Their daughter Alice, my 2x great grandmother later moved to Egerton, a village perched on the Greensand Ridge with sweeping views across the Weald. Egerton was known for its scattered farmsteads and its 13th‑century church of St James, reflecting its deep agricultural roots. The oldest surviving houses in the village date from about the fifteenth century.  Other children remained closer to home, marrying into local families or moving to nearby parishes. In 1851 Alice was living with her husband, Samuel, in Stonebridge to the north east of Egerton village centre.   

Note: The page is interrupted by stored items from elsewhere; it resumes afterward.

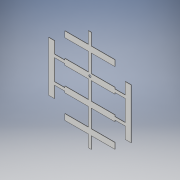
# Autodesk Inventor part: LED Grid v1
Saved by Autodesk Inventor 2019 (Build 230136000, 136)
## iProperties
Created: 2021-08-04
Part Number: LED Grid v1
Material: Generic
Document SubType Name: Modeling
Designer: Lix
Density: 1 g/cm^3
Appearance: Default
Author: Lix
## iProperties of the stored document LED Grid v1_3DPrint.ipt
Created: 2021-08-04
Part Number: LED Grid v1_3DPrint
Material: Generic
Document SubType Name: Modeling
Designer: Lix
Density: 1 g/cm^3
Appearance: Default
Author: Lix
Autodesk Inventor part; units mm, degrees
ref_plane "YZ Plane" through (0, 0, 0) normal (1, 0, 0) x (0, 1, 0)
ref_plane "XZ Plane" through (0, 0, 0) normal (0, 1, 0) x (-1, 0, 0)
ref_plane "XY Plane" through (0, 0, 0) normal (0, 0, 1) x (1, 0, 0)
sketch "Sketch1" plane through (0, 0, 0) normal (0, 0, 1) x (1, 0, 0)
  line L0 (-49.5094, -92.6542) -> (-99.0569, -7.2416)
  line L1 (-99.0569, -7.2416) -> (-49.5094, 79.3458)
  line L2 (-49.5094, 79.3458) -> (49.234, 79.3458)
  line L3 (49.234, 79.3458) -> (97.7547, -6.6542)
  line L4 (97.7547, -6.6542) -> (49.234, -92.6542)
  line L5 (49.234, -92.6542) -> (-49.5094, -92.6542)
  line L6 (-0.1377, 79.3458) -> (-0.1377, -92.6542) construction
  line L7 (-42.6377, 59.0958) -> (42.3623, 59.0958)
  line L8 (42.3623, 59.0958) -> (42.3623, 49.0958)
  line L9 (42.3623, 49.0958) -> (-42.6377, 49.0958)
  line L10 (-42.6377, 49.0958) -> (-42.6377, 59.0958)
  line L11 (-42.6377, 59.0958) -> (42.3623, 49.0958) construction
  line L12 (42.3623, 59.0958) -> (-42.6377, 49.0958) construction
  line L13 (-42.6377, 18.5958) -> (42.3623, 18.5958)
  line L14 (42.3623, 18.5958) -> (42.3623, 8.5958)
  line L15 (42.3623, 8.5958) -> (-42.6377, 8.5958)
  line L16 (-42.6377, 8.5958) -> (-42.6377, 18.5958)
  line L17 (-42.6377, 18.5958) -> (42.3623, 8.5958) construction
  line L18 (42.3623, 18.5958) -> (-42.6377, 8.5958) construction
  line L19 (-42.6377, -21.9042) -> (42.3623, -21.9042)
  line L20 (42.3623, -21.9042) -> (42.3623, -31.9042)
  line L21 (42.3623, -31.9042) -> (-42.6377, -31.9042)
  line L22 (-42.6377, -31.9042) -> (-42.6377, -21.9042)
  line L23 (-42.6377, -21.9042) -> (42.3623, -31.9042) construction
  line L24 (42.3623, -21.9042) -> (-42.6377, -31.9042) construction
  line L25 (-42.6377, -62.4042) -> (42.3623, -62.4042)
  line L26 (42.3623, -62.4042) -> (42.3623, -72.4042)
  line L27 (42.3623, -72.4042) -> (-42.6377, -72.4042)
  line L28 (-42.6377, -72.4042) -> (-42.6377, -62.4042)
  line L29 (-42.6377, -62.4042) -> (42.3623, -72.4042) construction
  line L30 (42.3623, -62.4042) -> (-42.6377, -72.4042) construction
  line L31 (-0.1377, 54.0958) -> (-0.1377, -67.4042) construction
  line L32 (59.8623, 35.8458) -> (69.8623, 35.8458)
  line L33 (69.8623, 35.8458) -> (69.8623, -49.1542)
  line L34 (69.8623, -49.1542) -> (59.8623, -49.1542)
  line L35 (59.8623, -49.1542) -> (59.8623, 35.8458)
  line L36 (59.8623, 35.8458) -> (69.8623, -49.1542) construction
  line L37 (69.8623, 35.8458) -> (59.8623, -49.1542) construction
  line L38 (-60.1377, 35.8458) -> (-70.1377, 35.8458)
  line L39 (-70.1377, 35.8458) -> (-70.1377, -49.1542)
  line L40 (-70.1377, -49.1542) -> (-60.1377, -49.1542)
  line L41 (-60.1377, -49.1542) -> (-60.1377, 35.8458)
  line L42 (-60.1377, 35.8458) -> (-70.1377, -49.1542) construction
  line L43 (-70.1377, 35.8458) -> (-60.1377, -49.1542) construction
  line L44 (-2.6377, 79.3458) -> (2.3623, 79.3458)
  line L45 (2.3623, 79.3458) -> (2.3623, -92.6542)
  line L46 (2.3623, -92.6542) -> (-2.6377, -92.6542)
  line L47 (-2.6377, -92.6542) -> (-2.6377, 79.3458)
  line L48 (-60.1377, 16.0958) -> (59.8623, 16.0958)
  line L49 (59.8623, 16.0958) -> (59.8623, 11.0958)
  line L50 (59.8623, 11.0958) -> (-60.1377, 11.0958)
  line L51 (-60.1377, 11.0958) -> (-60.1377, 16.0958)
  line L52 (-60.1377, -24.4042) -> (59.8623, -24.4042)
  line L53 (59.8623, -24.4042) -> (59.8623, -29.4042)
  line L54 (59.8623, -29.4042) -> (-60.1377, -29.4042)
  line L55 (-60.1377, -29.4042) -> (-60.1377, -24.4042)
  point P0 (-0.1377, 13.5958)
  point P1 (-0.1377, -26.9042)
  point P2 (-0.1377, -6.6542)
  point P3 (64.8623, -6.6542)
  point P4 (64.8623, -6.6542)
  point P5 (-65.1377, -6.6542)
  point P6 (-65.1377, -6.6542)
  point P7 (-0.1377, 79.3458)
  point P8 (-0.1377, 49.0958)
  point P9 (59.8623, 13.5958)
  point P10 (-42.6377, 13.5958)
  point P11 (59.8623, -26.9042)
  point P12 (-0.1377, -26.9042)
  dimension "d0" = 172
  dimension "d12" = 85
  dimension "d13" = 10
  dimension "d16" = 40.5
  dimension "d21" = 20.25
  dimension "d22" = 20.25
  dimension "d23" = 30.5
  dimension "d24" = 10
  dimension "d25" = 85
  dimension "d26" = 120.103
  dimension "d27" = 65
  dimension "d28" = 5
  dimension "d29" = 5
  dimension "d30" = 5
  constraints: 112 end point, 23 midpoint, 10 parallel, 7 collinear, 6 horizontal, 6 symmetric about line, 5 perpendicular, 4 equal length, 3 horizontal alignment, 2 vertical, 1 vertical alignment, 32 other
  measures "d0" distance between parallel lines of L5 L2
  measures "d12" distance of L8.end L9.end
  measures "d13" distance of L7.end L8.end
  measures "d16" distance of L7.start L13.start
  measures "d21" distance between parallel lines of L7 L2
  measures "d22" distance between parallel lines of L5 L27
  measures "d23" distance between parallel lines of L13 L9
  measures "d24" distance of L33.end L34.end
  measures "d25" distance of L32.end L33.end
  measures "d26" angle of L0 L1
  measures "d27" distance of point (64.862, -6.654) point (-0.138, -6.654)
  measures "d28" distance of L44.start L44.end
  measures "d29" distance of L48.end L49.end
  measures "d30" distance of L52.end L53.end
extrude "Extrusion1" add sketch "Sketch1" along normal blind 0.5 contours L47 L27 L45 L5 | L47 L25 L45 L27 | L27 L28 L25 L47 | L2 L45 L7 L47 | L45 L25 L26 L27 | L47 L21 L45 L25 | L47 L9 L10 L7 | L7 L45 L9 L47 | L47 L54 L45 L21 | L21 L22 L54 L47 | L7 L8 L9 L45 | L9 L45 L13 L47 | L45 L54 L20 L21 | L54 L22 L52 L47 | L47 L52 L45 L54 | L47 L48 L16 L13 | L13 L45 L48 L47 | L45 L52 L20 L54 | L54 L41 L52 L22 | L52 L22 L19 L47 | L47 L19 L45 L52 | L13 L14 L48 L45 | L48 L45 L50 L47 | L47 L50 L16 L48 | L20 L52 L35 L54 | L45 L19 L20 L52 | L41 L40 L39 L38 | L47 L15 L45 L19 | L48 L14 L50 L45 | L16 L50 L41 L48 | L50 L45 L15 L47 | L47 L15 L16 L50 | L35 L32 L33 L34 | L48 L35 L50 L14 | L50 L14 L15 L45
sketch "Sketch2" plane through (0, 0, 0.5) normal (0, 0, 1) x (1, 0, 0)
  circle A0 centre (0, 13.9746) radius 2
  point P0 (0, 0)
  dimension "d33" = 4
  constraints: 1 centre point
  measures "d33" diameter of A0
extrude "Extrusion2" cut sketch "Sketch2" against normal blind 10
body "Solid1"

Just a few miles south lay Ashford, the market town that increasingly shaped the lives of surrounding villages. Ashford had been a market centre since the Middle Ages.

Dorcas’s life spanned turbulent times for rural Kent. The Swing Riots of the 1830s erupted in her county, as labourers protested against low wages and the spread of threshing machines. The Poor Law Amendment Act of 1834 meant that parish relief was harder to obtain.  The relief shifted from parish-based outdoor aid to the dreaded workhouse system. Families like the Tilbees would have lived with the constant threat of destitution and institutionalisation.

Henry died in September 1866 in Egerton, leaving Dorcas a widow.  In 1871 she was a visitor at a property in Charing, near the Gas works.

 She lived on into her late eighties, recorded in the 1881 census back in her birthplace of Westwell. She died in November 1884 in the Westwell Union Workhouse.